Once that’s implemented (or if you already have the process in place), your next step is to move from QA to coaching.
While QA is vital, it only provides data and identifies gaps; it does not address the root cause of the issue. For your QA to be effective, you need to use the information in your agent check-ins to close the gaps that QA has highlighted.
Let’s say that the QA for one of your agents, let’s call him Brian, shows that when Brian is working on customer tickets related to SSL Certificates, he has to go back and forth with the customer more often than your other agents do. You’ll take that information into your next check-in with Brian.
Weekly Coaching Framework
Now that you have the QA data, you need to establish the structure for the check-in.
1. The Right Coach
First things first, when getting started with coaching, you need to determine who gathers the information and who conducts the one-on-ones.
Ideally, it is the agent’s direct supervisor or team lead who gathers the information and does the check-in. This person usually has the best rapport with the agent anyway. Plus, having to meet with your boss’s boss can be intimidating, and you want the agent to be comfortable enough in the check-in to have an actual discussion.
2. Frequency & Focus
The frequency of these check-ins depends on the size and the workload of your team. If Lauren is supervising 20 agents, for example, it may not be feasible for her to meet with each of them on a weekly basis. However, if she only has 5-10 agents, meeting weekly is much more manageable.
When Lauren is preparing for the one-on-one, she needs to consider how to allocate their time. The meeting needs to be focused, short, and forward-looking. However, this is also a great time to build a bond with her team members and keep them engaged.

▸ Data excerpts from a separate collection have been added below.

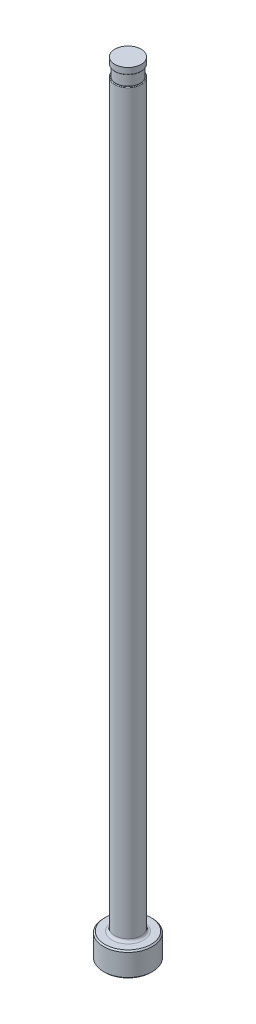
ISO-10303-21;
HEADER;
FILE_DESCRIPTION(('STEP AP214'),'2;1');
FILE_NAME('part.step','',(''),(''),'','','');
FILE_SCHEMA(('AUTOMOTIVE_DESIGN { 1 0 10303 214 1 1 1 1 }'));
ENDSEC;
DATA;
#1=APPLICATION_CONTEXT('core data for automotive mechanical design processes');
#2=APPLICATION_PROTOCOL_DEFINITION('international standard','automotive_design',2000,#1);
#3=PRODUCT_CONTEXT('',#1,'mechanical');
#4=PRODUCT('Part','Part','',(#3));
#5=PRODUCT_RELATED_PRODUCT_CATEGORY('part','',(#4));
#6=PRODUCT_DEFINITION_FORMATION('','',#4);
#7=PRODUCT_DEFINITION_CONTEXT('part definition',#1,'design');
#8=PRODUCT_DEFINITION('design','',#6,#7);
#9=PRODUCT_DEFINITION_SHAPE('','',#8);
#10=(LENGTH_UNIT() NAMED_UNIT(*) SI_UNIT(.MILLI.,.METRE.));
#11=(NAMED_UNIT(*) PLANE_ANGLE_UNIT() SI_UNIT($,.RADIAN.));
#12=(NAMED_UNIT(*) SI_UNIT($,.STERADIAN.) SOLID_ANGLE_UNIT());
#13=UNCERTAINTY_MEASURE_WITH_UNIT(LENGTH_MEASURE(1.E-05),#10,'distance_accuracy_value','');
#14=(GEOMETRIC_REPRESENTATION_CONTEXT(3) GLOBAL_UNCERTAINTY_ASSIGNED_CONTEXT((#13)) GLOBAL_UNIT_ASSIGNED_CONTEXT((#10,
#11,#12)) REPRESENTATION_CONTEXT('',''));
#15=CARTESIAN_POINT('',(0.,0.,0.));
#16=DIRECTION('',(0.,0.,1.));
#17=DIRECTION('',(1.,0.,0.));
#18=AXIS2_PLACEMENT_3D('',#15,#16,#17);
#19=CARTESIAN_POINT('',(-2.57936999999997,151.13,0.));
#20=DIRECTION('',(0.,1.,0.));
#21=DIRECTION('',(0.,0.,1.));
#22=AXIS2_PLACEMENT_3D('',#19,#20,#21);
#23=PLANE('',#22);
#24=CARTESIAN_POINT('',(0.,151.13,0.));
#25=DIRECTION('',(0.,1.,0.));
#26=DIRECTION('',(0.,0.,1.));
#27=AXIS2_PLACEMENT_3D('',#24,#25,#26);
#28=CIRCLE('',#27,2.43966999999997);
#29=CARTESIAN_POINT('',(0.,151.13,2.43966999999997));
#30=VERTEX_POINT('',#29);
#31=EDGE_CURVE('E11',#30,#30,#28,.F.);
#32=ORIENTED_EDGE('',*,*,#31,.T.);
#33=EDGE_LOOP('',(#32));
#34=FACE_BOUND('',#33,.T.);
#35=CARTESIAN_POINT('',(0.,151.13,0.));
#36=DIRECTION('',(0.,1.,0.));
#37=DIRECTION('',(0.,0.,1.));
#38=AXIS2_PLACEMENT_3D('',#35,#36,#37);
#39=CIRCLE('',#38,2.37616999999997);
#40=CARTESIAN_POINT('',(0.,151.13,2.37616999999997));
#41=VERTEX_POINT('',#40);
#42=EDGE_CURVE('E78',#41,#41,#39,.T.);
#43=ORIENTED_EDGE('',*,*,#42,.T.);
#44=EDGE_LOOP('',(#43));
#45=FACE_BOUND('',#44,.T.);
#46=ADVANCED_FACE('F36',(#34,#45),#23,.F.);
#47=CARTESIAN_POINT('',(0.,259.958771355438,0.));
#48=DIRECTION('',(0.,1.,0.));
#49=DIRECTION('',(0.,0.,1.));
#50=AXIS2_PLACEMENT_3D('',#47,#48,#49);
#51=CYLINDRICAL_SURFACE('',#50,2.57936999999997);
#52=DIRECTION('',(0.,1.,0.));
#53=VECTOR('',#52,1.);
#54=CARTESIAN_POINT('',(-2.37616999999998,259.958771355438,-1.00347681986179));
#55=LINE('',#54,#53);
#56=CARTESIAN_POINT('',(-2.37616999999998,148.971,-1.00347681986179));
#57=VERTEX_POINT('',#56);
#58=CARTESIAN_POINT('',(-2.37616999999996,86.614,-1.00347681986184));
#59=VERTEX_POINT('',#58);
#60=EDGE_CURVE('E73',#57,#59,#55,.F.);
#61=ORIENTED_EDGE('',*,*,#60,.F.);
#62=CARTESIAN_POINT('',(0.,148.971,0.));
#63=DIRECTION('',(0.,-1.,0.));
#64=DIRECTION('',(0.,0.,-1.));
#65=AXIS2_PLACEMENT_3D('',#62,#63,#64);
#66=CIRCLE('',#65,2.57936999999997);
#67=CARTESIAN_POINT('',(-2.37616999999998,148.971,1.00347681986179));
#68=VERTEX_POINT('',#67);
#69=EDGE_CURVE('E51',#57,#68,#66,.T.);
#70=ORIENTED_EDGE('',*,*,#69,.T.);
#71=DIRECTION('',(0.,1.,0.));
#72=VECTOR('',#71,1.);
#73=CARTESIAN_POINT('',(-2.37616999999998,259.958771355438,1.00347681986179));
#74=LINE('',#73,#72);
#75=CARTESIAN_POINT('',(-2.37616999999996,86.614,1.00347681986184));
#76=VERTEX_POINT('',#75);
#77=EDGE_CURVE('E84',#76,#68,#74,.T.);
#78=ORIENTED_EDGE('',*,*,#77,.F.);
#79=CARTESIAN_POINT('',(-2.37616999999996,86.614,-1.00347681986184));
#80=CARTESIAN_POINT('',(-2.3761678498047,86.5806535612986,-1.00347324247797));
#81=CARTESIAN_POINT('',(-2.37669600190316,86.547321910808,-1.00223238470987));
#82=CARTESIAN_POINT('',(-2.37878830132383,86.4808712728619,-0.997259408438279));
#83=CARTESIAN_POINT('',(-2.3803526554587,86.4477523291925,-0.993526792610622));
#84=CARTESIAN_POINT('',(-2.38657174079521,86.348866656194,-0.97854537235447));
#85=CARTESIAN_POINT('',(-2.39275229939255,86.2837173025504,-0.963512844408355));
#86=CARTESIAN_POINT('',(-2.40858326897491,86.1569814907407,-0.923223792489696));
#87=CARTESIAN_POINT('',(-2.41823988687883,86.0954016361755,-0.897948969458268));
#88=CARTESIAN_POINT('',(-2.4399460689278,85.9780247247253,-0.837167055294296));
#89=CARTESIAN_POINT('',(-2.45199238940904,85.9222199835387,-0.801673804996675));
#90=CARTESIAN_POINT('',(-2.47634550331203,85.8211237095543,-0.722822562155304));
#91=CARTESIAN_POINT('',(-2.48860868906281,85.7754444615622,-0.679950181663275));
#92=CARTESIAN_POINT('',(-2.51236371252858,85.6930631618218,-0.586096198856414));
#93=CARTESIAN_POINT('',(-2.52385591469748,85.6563568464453,-0.53511846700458));
#94=CARTESIAN_POINT('',(-2.54336333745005,85.5968448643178,-0.432311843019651));
#95=CARTESIAN_POINT('',(-2.55161740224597,85.5729816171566,-0.381139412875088));
#96=CARTESIAN_POINT('',(-2.56521925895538,85.5345821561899,-0.275047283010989));
#97=CARTESIAN_POINT('',(-2.5705685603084,85.5200410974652,-0.220129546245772));
#98=CARTESIAN_POINT('',(-2.57742936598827,85.5015339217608,-0.112636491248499));
#99=CARTESIAN_POINT('',(-2.57920175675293,85.4968477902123,-0.0602005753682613));
#100=CARTESIAN_POINT('',(-2.57951508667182,85.496013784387,0.0447435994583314));
#101=CARTESIAN_POINT('',(-2.57805674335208,85.4998640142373,0.0972518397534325));
#102=CARTESIAN_POINT('',(-2.57214487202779,85.515773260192,0.199435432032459));
#103=CARTESIAN_POINT('',(-2.56776943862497,85.5276183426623,0.249148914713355));
#104=CARTESIAN_POINT('',(-2.55654798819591,85.5589461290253,0.345804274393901));
#105=CARTESIAN_POINT('',(-2.54970197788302,85.5784288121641,0.392746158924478));
#106=CARTESIAN_POINT('',(-2.53407309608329,85.62487953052,0.483513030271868));
#107=CARTESIAN_POINT('',(-2.52525719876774,85.6519775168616,0.527265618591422));
#108=CARTESIAN_POINT('',(-2.5066235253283,85.7126856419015,0.609736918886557));
#109=CARTESIAN_POINT('',(-2.49680555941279,85.7462970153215,0.648454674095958));
#110=CARTESIAN_POINT('',(-2.47647062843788,85.8212568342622,0.722358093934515));
#111=CARTESIAN_POINT('',(-2.46594700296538,85.8629479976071,0.757193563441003));
#112=CARTESIAN_POINT('',(-2.44575759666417,85.951357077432,0.820068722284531));
#113=CARTESIAN_POINT('',(-2.43609222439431,85.9980773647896,0.848105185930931));
#114=CARTESIAN_POINT('',(-2.41760539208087,86.0998831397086,0.899528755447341));
#115=CARTESIAN_POINT('',(-2.40894797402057,86.1553422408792,0.922233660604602));
#116=CARTESIAN_POINT('',(-2.39441308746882,86.269312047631,0.959340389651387));
#117=CARTESIAN_POINT('',(-2.3885356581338,86.3278227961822,0.973742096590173));
#118=CARTESIAN_POINT('',(-2.38160417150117,86.4245543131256,0.990534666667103));
#119=CARTESIAN_POINT('',(-2.37957064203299,86.4622987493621,0.995396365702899));
#120=CARTESIAN_POINT('',(-2.37685226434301,86.5380255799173,1.00186164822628));
#121=CARTESIAN_POINT('',(-2.3761642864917,86.5760072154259,1.00347279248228));
#122=CARTESIAN_POINT('',(-2.37616999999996,86.614,1.00347681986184));
#123=B_SPLINE_CURVE_WITH_KNOTS('',3,(#79,#80,#81,#82,#83,#84,#85,#86,#87,#88,#89,#90,#91,#92,
#93,#94,#95,#96,#97,#98,#99,#100,#101,#102,#103,#104,#105,#106,#107,#108,#109,#110,#111,#112,
#113,#114,#115,#116,#117,#118,#119,#120,#121,#122),.UNSPECIFIED.,.F.,.F.,(4,2,2,2,2,2,2,2,2,2,2,
2,2,2,2,2,2,2,2,2,2,4),(0.,0.099982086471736,0.199984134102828,0.400421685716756,
0.601218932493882,0.80174546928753,0.992181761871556,1.18252738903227,1.35280353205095,
1.52299110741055,1.68023815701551,1.83745028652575,1.99061412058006,2.14377753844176,
2.29973239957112,2.45571685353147,2.62103910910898,2.78643964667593,2.96734496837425,
3.14825283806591,3.26243374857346,3.37634876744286),.UNSPECIFIED.);
#124=EDGE_CURVE('E81',#59,#76,#123,.T.);
#125=ORIENTED_EDGE('',*,*,#124,.F.);
#126=EDGE_LOOP('',(#61,#70,#78,#125));
#127=FACE_BOUND('',#126,.T.);
#128=CARTESIAN_POINT('',(0.,5.25779999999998,0.));
#129=DIRECTION('',(0.,1.,0.));
#130=DIRECTION('',(0.,0.,1.));
#131=AXIS2_PLACEMENT_3D('',#128,#129,#130);
#132=CIRCLE('',#131,2.57936999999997);
#133=CARTESIAN_POINT('',(0.,5.25779999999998,2.57936999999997));
#134=VERTEX_POINT('',#133);
#135=EDGE_CURVE('E116',#134,#134,#132,.T.);
#136=ORIENTED_EDGE('',*,*,#135,.T.);
#137=EDGE_LOOP('',(#136));
#138=FACE_BOUND('',#137,.T.);
#139=ADVANCED_FACE('F82',(#127,#138),#51,.T.);
#140=CARTESIAN_POINT('',(0.,0.,0.));
#141=DIRECTION('',(0.,-1.,0.));
#142=DIRECTION('',(0.,0.,-1.));
#143=AXIS2_PLACEMENT_3D('',#140,#141,#142);
#144=PLANE('',#143);
#145=CARTESIAN_POINT('',(0.,0.,0.));
#146=DIRECTION('',(0.,-1.,0.));
#147=DIRECTION('',(0.,0.,-1.));
#148=AXIS2_PLACEMENT_3D('',#145,#146,#147);
#149=CIRCLE('',#148,4.50849999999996);
#150=CARTESIAN_POINT('',(0.,0.,-4.50849999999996));
#151=VERTEX_POINT('',#150);
#152=EDGE_CURVE('E113',#151,#151,#149,.T.);
#153=ORIENTED_EDGE('',*,*,#152,.T.);
#154=EDGE_LOOP('',(#153));
#155=FACE_BOUND('',#154,.T.);
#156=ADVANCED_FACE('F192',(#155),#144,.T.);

Ideally, Lauren will want to focus 20% of the meeting on chatting with the agent (e.g., “How was your daughter’s soccer game?”, “What kind of dog do you have?”, and so on), 20% on her findings from the QA data (example: Brian’s struggle with SSL certs), and 60% on solutions and skills.
So, Lauren’s one-on-one with Brian might look like this for a 30-minute check-in:
- Building Connection – 6 minutes – Check-in, morale, personal updates, building trust.
- QA Review – 6 minutes – Reviewing QA scores, specific ticket examples (e.g., the SSL issue), and discussing the root cause of the gap.
- Action & Skills – 18 minutes – Role-playing, creating action items, practicing new skills, setting goals for the next week/quarter.
Going into the check-in prepared with this data and plan will ensure that any issues Brian is dealing with are addressed. The goal of targeted coaching like this is to directly lead to achieving a “one-and-done” resolution, positively impacting your response to resolution KPI. If Lauren spends the time coaching Brian on how to address SSL Certificate issues, he will be able to respond more quickly and accurately to customers with questions on that topic.
3. Improvement Focus
Arriving at the check-in with actionable data and a thoughtful plan sets the stage for real growth. Lauren’s role is to champion Brian’s success, using coaching to fuel strengths, address gaps collaboratively, and celebrate progress. This isn’t about blame—it’s about building confidence, ownership, and results. Growth conversations are a privilege, not a punishment, and they’re essential to the high-performance culture that defines your brand.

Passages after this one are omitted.